‘Acting with Impunity’

‘Acting with Impunity – A Victory for Vulnerable Workers’

We have recently seen a rapid change within employment law, which has seen several significant barriers to justice removed.

If you remember this July, we saw the landmark decision to remove Tribunal Fees as unlawful, which has opened the door for thousands of workers and employees deprived from proceeding with their claims due to unjust fees. The latest decision by the Supreme Court has just seen further obstacles removed for workers, specifically for those working in Embassies and for vulnerable workers contained within diplomatic households.

The Supreme Court ruled in the first case of Benkharbouche v Secretary of State for Foreign and Commonwealth Affairs (Oct 2017) that:

  • The State Immunity Act 1978 cannot protect Embassies from Employment Tribunal claims brought by domestic staff in the United Kingdom,

Whereas, the second case of Reyes v Al-Malki and Another (Oct 2017) held:

  • Diplomats are accountable when they exploit domestic workers and they cannot seek to rely on diplomatic immunity to protect themselves.

Background:

The case of Benkharbouche involved two employees from separate Embassies (Libya and Sudan). They brought claims for unfair dismissal, failure to pay the minimum wage and the Working Time Regulations. The respective Embassies relied upon State immunity against any claim under the State Immunity Act 1978 (SIA 1978).

The case of Reyes, differed as a serious domestic slavery case, where the ex-employee claimed she was forced to work 17-hours a day. The claimant further alleged to have suffered from racial discrimination and claimed that she was effectively locked inside her employer’s residence as a prisoner.  The employer’s defence relied upon his diplomatic immunity, as he worked as a Saudi envoy at the material times in question and thus claimed that the Tribunal did not have the jurisdiction to hear the case under SIA 1978.

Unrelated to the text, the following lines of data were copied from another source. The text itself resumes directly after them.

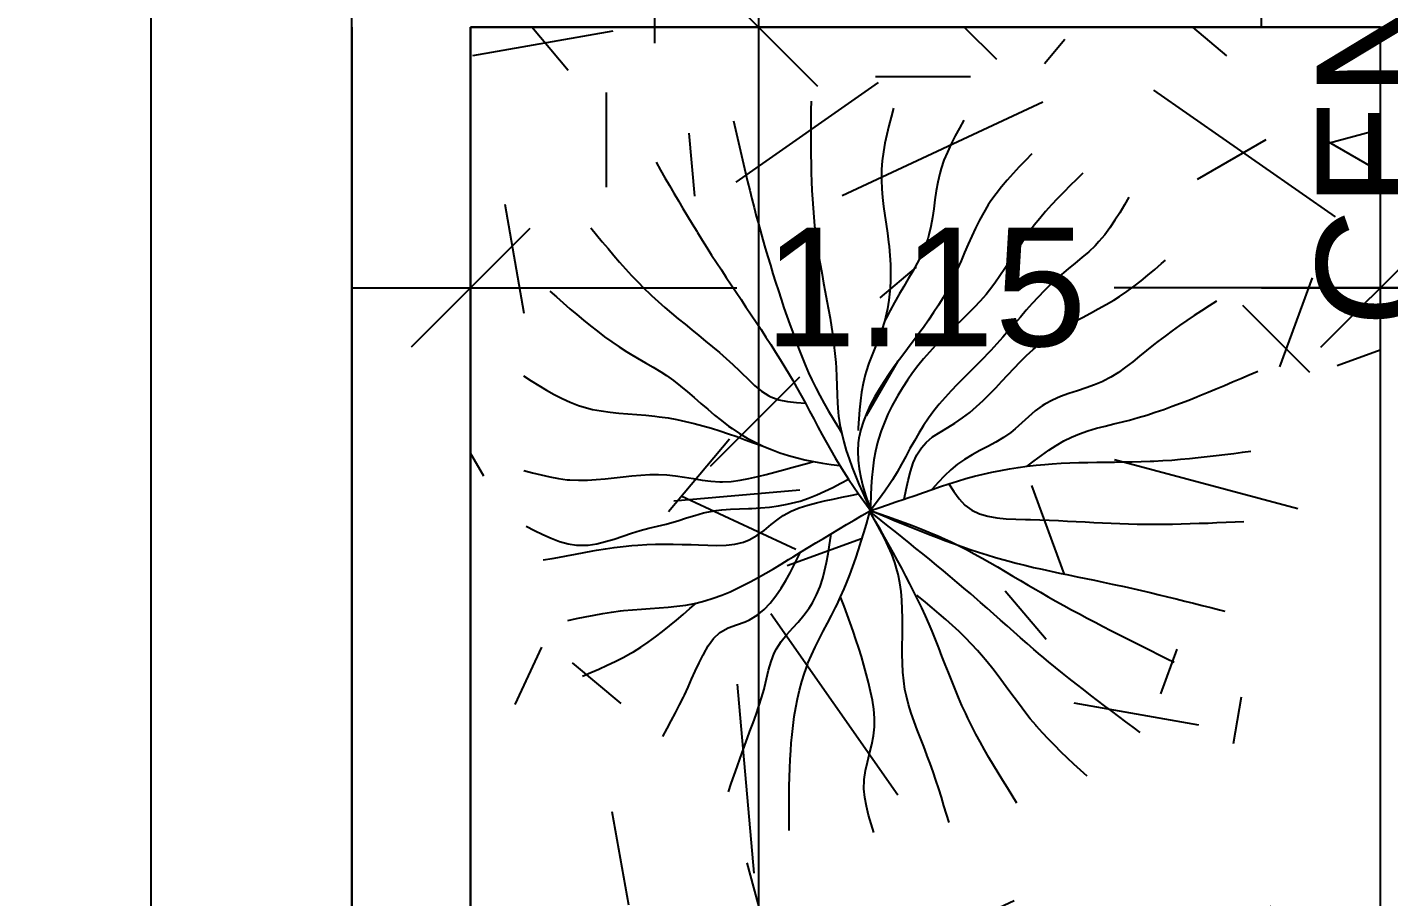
# Model space of a CAD drawing. Extents: x -120 to 178, y 5 to 129.
# Drawn here: x 9.309 to 11.03, y 92.644 to 93.744 of the extents above; entities that cross this region are included whole.
import ezdxf
from ezdxf.enums import TextEntityAlignment as Align

# ---------------------------------------------------------------- set-up
doc = ezdxf.new("R2010")
doc.units = 0
doc.header["$MEASUREMENT"] = 0
doc.layers.get('0').update_dxf_attribs({"linetype": 'CONTINUOUS'})
doc.layers.get('DEFPOINTS').update_dxf_attribs({"linetype": 'CONTINUOUS'})
for name, color, linetype in [('cota', 1, 'CONTINUOUS'), ('muro', 6, 'CONTINUOUS'), ('parede', 2, 'CONTINUOUS'), ('piso', 4, 'CONTINUOUS'), ('texto', 7, 'CONTINUOUS'), ('vegetacao', 82, 'CONTINUOUS')]:
    doc.layers.add(name, color=color, linetype=linetype)
doc.styles.get("Standard").update_dxf_attribs({"font": 'arial.ttf'})
doc.dimstyles.new('cotass', dxfattribs={"dimtxt": 0.15, "dimasz": 0.15, "dimexe": 0.15, "dimexo": 0, "dimgap": 0.05, "dimtad": 0, "dimzin": 4, "dimdsep": 46, "dimtxsty": 'Standard', "dimblk": 'OBLIQUE', "dimcen": 0, "dimdle": 0.15, "dimclrd": 256, "dimclrt": 4, "dimadec": 0, "dimazin": 1, "dimtfac": 1, "dimtix": 1, "dimtofl": 0, "dimtmove": 0, "dimatfit": 3, "dimldrblk": 'OPEN30', "dimfxl": 0, "dimtolj": 1, "dimtzin": 0, "dimlwd": -1, "dimarcsym": 0})
pattern_1 = [(0, (1.44, 0.96), (0.88, 1.52), [0.08, -1.34, 0.06, -0.58, 0.12, -1.42]), (5, (0.54, 1.68), (0.787509, 1.554551), [0.16, -1.34, 0.12, -0.58, 0.24, -1.42]), (10, (1.06, 1.78), (0.53784, 1.902295), [0.14, -0.34, 0.18, -1.06, 0.1, -1.32]), (15, (0.7, 1.96), (0.450046, 1.797737), [0.28, -0.34, 0.3, -1.06, 0.22, -1.32]), (20, (0.86, 1.14), (0.889806, 1.473175), [0.16, -1.1, 0.14, -0.82, 0.1, -0.64]), (25, (1.14, 0.86), (0.9972314, 1.458057), [0.22, -1.1, 0.28, -0.82, 0.24, -0.64]), (30, (1.44, 1.02), (-0.146462, 1.69368), [0.1, -0.66, 0.08, -0.98, 0.06, -1.3]), (35, (0.54, 0.3), (0.148824, 1.9842), [0.22, -0.66, 0.16, -0.98, 0.12, -1.3]), (40, (0.88, 1.46), (0.225573, 1.442469), [0.08, -0.88, 0.06, -0.56, 0.16, -1.02]), (45, (0.88, 0.74), (-0.410122, 1.965757), [0.16, -0.88, 0.12, -0.56, 0.3, -1.02]), (50, (1.18, 0.74), (-0.534986, 1.571557), [0.04, -0.74, 0.1, -1.22, 0.12, -0.62]), (60, (1.24, 0.88), (-0.663154, 1.491384), [0.1, -0.82, 0.04, -0.96, 0.08, -0.74]), (65, (0.52, 0.88), (-0.486328, 2.080453), [0.22, -0.82, 0.08, -0.96, 0.16, -0.74]), (70, (1.02, 0.64), (-0.732615, 1.437246), [0.06, -0.38, 0.12, -0.64, 0.08, -0.88]), (75, (0.3, 0.46), (-1.550558, 1.554275), [0.12, -0.38, 0.24, -0.64, 0.16, -0.88]), (80, (1.12, 1.82), (-1.390436, 1.09813), [0.14, -0.88, 0.06, -1.04, 0.12, -0.98]), (85, (1.3, 0.38), (-1.660168, 0.988455), [0.28, -0.88, 0.12, -1.04, 0.24, -0.98]), (90, (1.24, 0.96), (-1.76, 0.74), [0.12, -0.62, 0.08, -1.22, 0.04, -1.24]), (95, (0.52, 1.68), (-1.88055, 1.30105), [0.24, -0.62, 0.08, -1.22, 0.08, -1.24]), (100, (0.92, 1.58), (-1.653143, 0.967635), [0.14, -0.78, 0.12, -0.64, 0.14, -1.46]), (105, (1.28, 1.94), (-1.731187, 0.819872), [0.28, -0.78, 0.24, -0.64, 0.28, -1.46]), (110, (0.78, 0.44), (-1.602936, 0.544608), [0.16, -0.52, 0.08, -1.06, 0.12, -1.16]), (115, (1.86, 0.44), (-1.644302, 0.40283), [0.3, -0.52, 0.16, -1.06, 0.24, -1.16]), (120, (0.24, 0.68), (-1.911, 0.189948), [0.1, -1.34, 0.12, -0.62, 0.14, -0.82]), (125, (0.42, 0.86), (-2.170974, 0.066875), [0.22, -1.34, 0.24, -0.62, 0.28, -0.82]), (130, (0.68, 0.24), (-1.860718, 0.475107), [0.06, -0.44, 0.08, -0.86, 0.16, -1.12]), (135, (0.86, 0.42), (-2.149605, 0.311127), [0.12, -0.44, 0.16, -0.86, 0.3, -1.12]), (140, (0.08, 1.84), (-1.470646, -0.228038), [0.12, -0.72, 0.14, -0.62, 0.08, -0.84]), (145, (0.88, 0.58), (-1.548418, -0.502793), [0.24, -0.72, 0.28, -0.62, 0.16, -0.84]), (150, (1.74, 0.12), (-1.3655, -0.805115), [0.08, -0.56, 0.16, -1.24, 0.14, -1.14]), (155, (1.56, 1.22), (-1.77954, -0.692849), [0.16, -0.56, 0.3, -1.24, 0.28, -1.14]), (160, (0.42, 1.24), (-1.586007, -1.082858), [0.12, -0.84, 0.1, -0.76, 0.08, -1.22]), (165, (0.24, 0.52), (-1.70605, -1.344246), [0.24, -0.84, 0.22, -0.76, 0.16, -1.22]), (170, (0.54, 0.76), (-1.437627, -1.127488), [0.18, -0.66, 0.12, -0.9, 0.16, -0.88]), (175, (1.44, 1.66), (-1.365265, -1.607125), [0.22, -0.66, 0.24, -0.9, 0.26, -0.88])]

# ---------------------------------------------------------------- blocks, each defined once
blk = doc.blocks.new('_Oblique')
at = {"color": 0, "linetype": 'ByBlock', "lineweight": -2}
blk.add_line((-0.5, -0.5), (0.5, 0.5), dxfattribs=at)
blk = doc.blocks.new('*D24')
at = {"layer": 'cota', "transparency": 16777216}
for p, q in [((11.3834, 96.1537), (11.3834, 95.1198)), ((11.3834, 93.5937), (11.3834, 94.6277))]:
    blk.add_line(p, q, dxfattribs=at)
at = {"layer": 'cota', "color": 0, "lineweight": -2, "transparency": 16777216}
for p, q in [((11.0193, 96.0037), (11.5334, 96.0037)), ((11.0193, 93.7437), (11.5334, 93.7437))]:
    blk.add_line(p, q, dxfattribs=at)
at = {"layer": 'DEFPOINTS', "color": 0, "transparency": 16777216}
for p in [(11.0193, 96.0037), (11.0193, 93.7437), (11.3834, 93.7437)]:
    blk.add_point(p, dxfattribs=at)
at = {"layer": 'cota', "transparency": 16777216, "xscale": 0.15, "yscale": 0.15, "zscale": 0.15}
for p, rotation in [((11.3834, 96.0037), 90), ((11.3834, 93.7437), 270)]:
    blk.add_blockref('_Oblique', p, dxfattribs=dict(at, rotation=rotation))
at = {"layer": 'cota', "color": 4, "transparency": 16777216, "insert": (11.3834, 94.8737), "char_height": 0.15, "attachment_point": 5, "rotation": 90}
blk.add_mtext('\\A1;2.26', dxfattribs=at)
blk = doc.blocks.new('_Open30')
at = {"color": 0, "linetype": 'ByBlock', "lineweight": -2}
for p, q in [((-1, 0.268), (0, 0)), ((0, 0), (-1, -0.268)), ((0, 0), (-1, 0))]:
    blk.add_line(p, q, dxfattribs=at)
blk = doc.blocks.new('*D25')
at = {"layer": 'cota', "transparency": 16777216}
for p, q in [((10.2335, 93.8937), (10.2335, 86.7747)), ((10.2335, 79.0637), (10.2335, 86.1827))]:
    blk.add_line(p, q, dxfattribs=at)
at = {"layer": 'cota', "color": 0, "lineweight": -2, "transparency": 16777216}
for p, q in [((9.8693, 93.7437), (10.3835, 93.7437)), ((9.8693, 79.2137), (10.3835, 79.2137))]:
    blk.add_line(p, q, dxfattribs=at)
at = {"layer": 'DEFPOINTS', "color": 0, "transparency": 16777216}
for p in [(9.8693, 93.7437), (9.8693, 79.2137), (10.2335, 79.2137)]:
    blk.add_point(p, dxfattribs=at)
at = {"layer": 'cota', "transparency": 16777216, "xscale": 0.15, "yscale": 0.15, "zscale": 0.15}
for p, rotation in [((10.2335, 93.7437), 90), ((10.2335, 79.2137), 270)]:
    blk.add_blockref('_Oblique', p, dxfattribs=dict(at, rotation=rotation))
at = {"layer": 'cota', "color": 4, "transparency": 16777216, "insert": (10.2335, 86.4787), "char_height": 0.15, "attachment_point": 5, "rotation": 90}
blk.add_mtext('\\A1;14.53', dxfattribs=at)
blk = doc.blocks.new('*D34')
at = {"layer": 'cota', "transparency": 16777216}
for p, q in [((9.4656, 121.3837), (9.4656, 100.5291)), ((9.4656, 79.0637), (9.4656, 99.9184))]:
    blk.add_line(p, q, dxfattribs=at)
at = {"layer": 'cota', "color": 0, "lineweight": -2, "transparency": 16777216}
for p, q in [((9.7193, 121.2337), (9.3156, 121.2337)), ((9.7193, 79.2137), (9.3156, 79.2137))]:
    blk.add_line(p, q, dxfattribs=at)
at = {"layer": 'DEFPOINTS', "color": 0, "transparency": 16777216}
for p in [(9.7193, 121.2337), (9.4656, 79.2137), (9.7193, 79.2137)]:
    blk.add_point(p, dxfattribs=at)
at = {"layer": 'cota', "transparency": 16777216, "xscale": 0.15, "yscale": 0.15, "zscale": 0.15}
for p, rotation in [((9.4656, 121.2337), 90), ((9.4656, 79.2137), 270)]:
    blk.add_blockref('_Oblique', p, dxfattribs=dict(at, rotation=rotation))
at = {"layer": 'cota', "color": 4, "transparency": 16777216, "insert": (9.4656, 100.2237), "char_height": 0.15, "attachment_point": 5, "rotation": 90}
blk.add_mtext('\\A1;42.02', dxfattribs=at)
blk = doc.blocks.new('*D36')
at = {"layer": 'cota', "transparency": 16777216}
for p, q in [((9.2071, 121.3837), (9.2071, 98.8703)), ((9.2071, 75.7737), (9.2071, 98.2871))]:
    blk.add_line(p, q, dxfattribs=at)
at = {"layer": 'cota', "color": 0, "lineweight": -2, "transparency": 16777216}
for p, q in [((9.7193, 121.2337), (9.0571, 121.2337)), ((9.7193, 75.9237), (9.0571, 75.9237))]:
    blk.add_line(p, q, dxfattribs=at)
at = {"layer": 'DEFPOINTS', "color": 0, "transparency": 16777216}
for p in [(9.7193, 121.2337), (9.2071, 75.9237), (9.7193, 75.9237)]:
    blk.add_point(p, dxfattribs=at)
at = {"layer": 'cota', "transparency": 16777216, "xscale": 0.15, "yscale": 0.15, "zscale": 0.15}
for p, rotation in [((9.2071, 121.2337), 90), ((9.2071, 75.9237), 270)]:
    blk.add_blockref('_Oblique', p, dxfattribs=dict(at, rotation=rotation))
at = {"layer": 'cota', "color": 4, "transparency": 16777216, "insert": (9.2071, 98.5787), "char_height": 0.15, "attachment_point": 5, "rotation": 90}
blk.add_mtext('\\A1;45.31', dxfattribs=at)
blk = doc.blocks.new('*D37')
at = {"layer": 'cota', "color": 0, "lineweight": -2, "transparency": 16777216}
for p, q in [((9.8693, 93.7437), (9.8693, 93.2641)), ((11.0193, 93.7437), (11.0193, 93.2641))]:
    blk.add_line(p, q, dxfattribs=at)
at = {"layer": 'cota', "transparency": 16777216}
for p, q in [((9.7193, 93.4141), (10.206, 93.4141)), ((11.1693, 93.4141), (10.6827, 93.4141))]:
    blk.add_line(p, q, dxfattribs=at)
at = {"layer": 'DEFPOINTS', "color": 0, "transparency": 16777216}
for p in [(9.8693, 93.7437), (11.0193, 93.7437), (11.0193, 93.4141)]:
    blk.add_point(p, dxfattribs=at)
at = {"layer": 'cota', "transparency": 16777216, "xscale": 0.15, "yscale": 0.15, "zscale": 0.15, "rotation": 180}
blk.add_blockref('_Oblique', (9.8693, 93.4141), dxfattribs=at)
at = {"layer": 'cota', "transparency": 16777216, "xscale": 0.15, "yscale": 0.15, "zscale": 0.15}
blk.add_blockref('_Oblique', (11.0193, 93.4141), dxfattribs=at)
at = {"layer": 'cota', "color": 4, "transparency": 16777216, "insert": (10.4443, 93.4141), "char_height": 0.15, "attachment_point": 5}
blk.add_mtext('\\A1;1.15', dxfattribs=at)
blk = doc.blocks.new('*D38')
at = {"layer": 'cota', "color": 0, "lineweight": -2, "transparency": 16777216}
for p, q in [((11.0193, 93.7437), (11.0193, 93.2641)), ((12.2193, 93.7437), (12.2193, 93.2641))]:
    blk.add_line(p, q, dxfattribs=at)
at = {"layer": 'cota', "transparency": 16777216}
for p, q in [((10.8693, 93.4141), (11.3818, 93.4141)), ((12.3693, 93.4141), (11.8568, 93.4141))]:
    blk.add_line(p, q, dxfattribs=at)
at = {"layer": 'DEFPOINTS', "color": 0, "transparency": 16777216}
for p in [(11.0193, 93.7437), (12.2193, 93.7437), (12.2193, 93.4141)]:
    blk.add_point(p, dxfattribs=at)
at = {"layer": 'cota', "transparency": 16777216, "xscale": 0.15, "yscale": 0.15, "zscale": 0.15, "rotation": 180}
blk.add_blockref('_Oblique', (11.0193, 93.4141), dxfattribs=at)
at = {"layer": 'cota', "transparency": 16777216, "xscale": 0.15, "yscale": 0.15, "zscale": 0.15}
blk.add_blockref('_Oblique', (12.2193, 93.4141), dxfattribs=at)
at = {"layer": 'cota', "color": 4, "transparency": 16777216, "insert": (11.6193, 93.4141), "char_height": 0.15, "attachment_point": 5}
blk.add_mtext('\\A1;1.20', dxfattribs=at)
blk = doc.blocks.new('*D551')
at = {"layer": 'cota', "transparency": 16777216}
for p, q in [((10.1023, 96.0237), (10.1023, 95.1196)), ((10.1023, 93.7237), (10.1023, 94.6279))]:
    blk.add_line(p, q, dxfattribs=at)
at = {"layer": 'cota', "color": 0, "lineweight": -2, "transparency": 16777216}
for p, q in [((9.8693, 95.8737), (10.2523, 95.8737)), ((9.8693, 93.8737), (10.2523, 93.8737))]:
    blk.add_line(p, q, dxfattribs=at)
at = {"layer": 'DEFPOINTS', "color": 0, "transparency": 16777216}
for p in [(9.8693, 95.8737), (9.8693, 93.8737), (10.1023, 93.8737)]:
    blk.add_point(p, dxfattribs=at)
at = {"layer": 'cota', "transparency": 16777216, "xscale": 0.15, "yscale": 0.15, "zscale": 0.15}
for p, rotation in [((10.1023, 95.8737), 90), ((10.1023, 93.8737), 270)]:
    blk.add_blockref('_Oblique', p, dxfattribs=dict(at, rotation=rotation))
at = {"layer": 'cota', "color": 4, "transparency": 16777216, "insert": (10.1023, 94.8737), "char_height": 0.15, "attachment_point": 5, "rotation": 90}
blk.add_mtext('\\A1;2.00', dxfattribs=at)

msp = doc.modelspace()

# ---------------------------------------------------------------- hatches: boundary and pattern name
at = {"layer": 'vegetacao'}
h = msp.add_hatch(dxfattribs=at)
h.set_pattern_fill('ANGLE', color=256, scale=2, style=0)
h.set_pattern_definition([(0, (4.21934, 69.4), (0, 0.55), [0.4, -0.15]), (90, (4.21934, 69.4), (-0.55, 3e-17), [0.4, -0.15])])
edge = h.paths.add_edge_path()
edge.add_line((33.5894, 75.9237), (33.5894, 116.2837))
edge.add_line((33.5894, 116.2837), (9.8693, 116.2837))
edge.add_line((9.8693, 116.2837), (9.8693, 110.2837))
edge.add_line((9.8693, 110.2837), (27.5894, 110.2837))
edge.add_arc((27.5894, 107.2837), 3, 0, 90, ccw=False)
edge.add_line((30.5894, 107.2837), (30.5894, 75.9237))
edge.add_line((30.5894, 75.9237), (33.5894, 75.9237))
h = msp.add_hatch(dxfattribs=at)
h.set_pattern_fill('TRACOS2', color=256, scale=2, style=0)
h.set_pattern_definition(pattern_1)
h.paths.add_polyline_path([(30.5894, 107.2837, 0.414214), (27.5894, 110.2837), (22.2544, 110.2837), (22.2544, 110.1037), (21.7193, 110.1037), (21.7193, 110.0037), (22.2544, 110.0037), (22.2544, 109.4037), (21.7193, 109.4037), (21.7193, 109.3037), (22.2544, 109.3037), (22.2544, 108.7037), (21.7193, 108.7037), (21.7193, 108.6037), (22.2544, 108.6037), (22.2544, 108.0037), (21.7193, 108.0037), (21.7193, 107.9037), (22.2544, 107.9037), (22.2544, 107.3037), (21.7193, 107.3037), (21.7193, 107.2037), (22.2544, 107.2037), (22.2544, 106.6037), (21.7193, 106.6037), (21.7193, 106.5037), (22.2544, 106.5037), (22.2544, 105.9037), (21.7193, 105.9037), (21.7193, 105.8037), (22.2544, 105.8037), (22.2544, 105.2037), (21.7193, 105.2037), (21.7193, 105.1037), (22.2544, 105.1037), (22.2544, 104.5037), (21.7193, 104.5037), (21.7193, 104.4037), (22.2544, 104.4037), (22.2544, 103.8037), (21.7193, 103.8037), (21.7193, 103.7037), (22.2544, 103.7037), (22.2544, 103.1037), (21.7193, 103.1037), (21.7193, 103.0037), (22.2544, 103.0037), (22.2544, 102.4037), (21.7193, 102.4037), (21.7193, 102.3037), (22.2544, 102.3037), (22.2544, 101.7037), (21.7193, 101.7037), (21.7193, 101.6037), (22.2544, 101.6037), (22.2544, 101.0037), (21.7193, 101.0037), (21.7193, 100.9037), (22.2544, 100.9037), (22.2544, 100.3037), (21.7193, 100.3037), (21.7193, 100.2037), (22.2544, 100.2037), (22.2544, 99.6037), (21.7193, 99.6037), (21.7193, 99.5037), (22.2544, 99.5037), (22.2544, 98.9037), (21.7193, 98.9037), (21.7193, 98.8037), (22.2544, 98.8037), (22.2544, 98.2037), (21.7193, 98.2037), (21.7193, 98.1037), (22.2544, 98.1037), (22.2544, 97.5037), (21.7193, 97.5037), (21.7193, 97.4037), (22.2544, 97.4037), (22.2544, 96.8037), (21.7193, 96.8037), (21.7193, 96.7037), (22.2544, 96.7037), (22.2544, 96.1037), (21.7193, 96.1037), (21.7193, 96.0037), (22.8493, 96.0037), (22.8493, 95.8037), (22.8493, 91.5437), (24.8993, 91.5437), (24.8993, 93.8737), (30.5894, 93.8737)])
h.paths.add_polyline_path([(24.2984, 94.5903, -0.414176), (24.5371, 94.3516, -0.414204), (24.6245, 94.0256, -0.41425), (24.5371, 93.6994, -0.414199), (24.2984, 93.4607, -0.414161), (23.9722, 93.3733, -0.414161), (23.6461, 93.4607, -0.414199), (23.4074, 93.6994, -0.414204), (23.32, 94.0255, -0.414204), (23.4074, 94.3517, -0.414176), (23.6461, 94.5904, -0.414178), (23.9722, 94.6778, -0.414224)], flags=16)
h.paths.add_polyline_path([(24.2984, 92.8312, -0.414176), (24.5371, 92.5925, -0.414204), (24.6245, 92.2664, -0.414264), (24.5371, 91.9402, -0.567356), (24.2984, 92.0015, -0.414148), (23.9722, 91.9141, -0.41415), (23.6461, 92.0015, -0.567359), (23.4074, 91.9402, -0.414218), (23.32, 92.2664, -0.414204), (23.4074, 92.5925, -0.414176), (23.6461, 92.8312, -0.414178), (23.9722, 92.9186, -0.414224)], flags=16)
h.paths.add_polyline_path([(21.0544, 105.8037), (21.7193, 105.8037), (21.7193, 105.9037), (21.0544, 105.9037), (21.0544, 106.5037), (21.7193, 106.5037), (21.7193, 106.6037), (21.0544, 106.6037), (21.0544, 107.2037), (21.7193, 107.2037), (21.7193, 107.3037), (21.0544, 107.3037), (21.0544, 107.9037), (21.7193, 107.9037), (21.7193, 108.0037), (21.0544, 108.0037), (21.0544, 108.6037), (21.7193, 108.6037), (21.7193, 108.7037), (21.0544, 108.7037), (21.0544, 109.3037), (21.7193, 109.3037), (21.7193, 109.4037), (21.0544, 109.4037), (21.0544, 110.0037), (21.7193, 110.0037), (21.7193, 110.1037), (21.0544, 110.1037), (21.0544, 110.2837), (12.3693, 110.2837), (12.3693, 105.2837), (9.8693, 105.2837), (9.8693, 96.0037), (10.8693, 96.0037), (21.7193, 96.0037), (21.7193, 96.1037), (21.0544, 96.1037), (21.0544, 96.7037), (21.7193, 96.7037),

The Supreme Court’s Decisions:

The Supreme Court’s decision in Benkharbouche found that the absolute immunity provided by the SIA 1978, breached Article 6 of the Human Rights Act, which is the right of access to justice and the right to a fair trial.

The Justices stated that the immunity afforded under the SIA 1978, provided far more protection than was required under International Law. They further found that in preventing claimants from bringing a claim, because of their nationality and/or residency was by its very nature discriminatory and contrary to European Charter of Human Rights.

The decision in Reyes ruled that ‘trafficking’ should be regarded as a ‘commercial activity’ outside of diplomatic immunity. In addition, the Justices stated that aside from the abhorrent human-trafficking element in the case, it was not conceivable that the employment of a private domestic worker was within the official functions of a diplomat. As such, a diplomat cannot rely upon immunity that outreaches the purpose of their diplomatic mission.

What Does the Decisions Mean for the future?

The Supreme Court has recognised that the law on diplomatic immunity is in desperate need to evolve and action is required to challenge the ‘shield of immunity for States and serving diplomats who engage in human rights violations’.

Whilst both judgments are a victory for vulnerable workers who have been left behind and exploited, the Government must recognise that future protection will be needed after the Country leaves the EU and the Charter of Fundamental Rights of the European Union with it.

This was highlighted in Benkharbouches as only the claims centred on EU law were permitted to proceed on the basis that ‘EU law prevails over English law in the event of a conflict’. As a result, the other claims outside of EU law were barred from proceeding, as they were without a remedy, with only a declaration of incompatibility being offered. This shows the enormity of the task ahead to ensure that a remedy is available to those affected by breaches of human rights!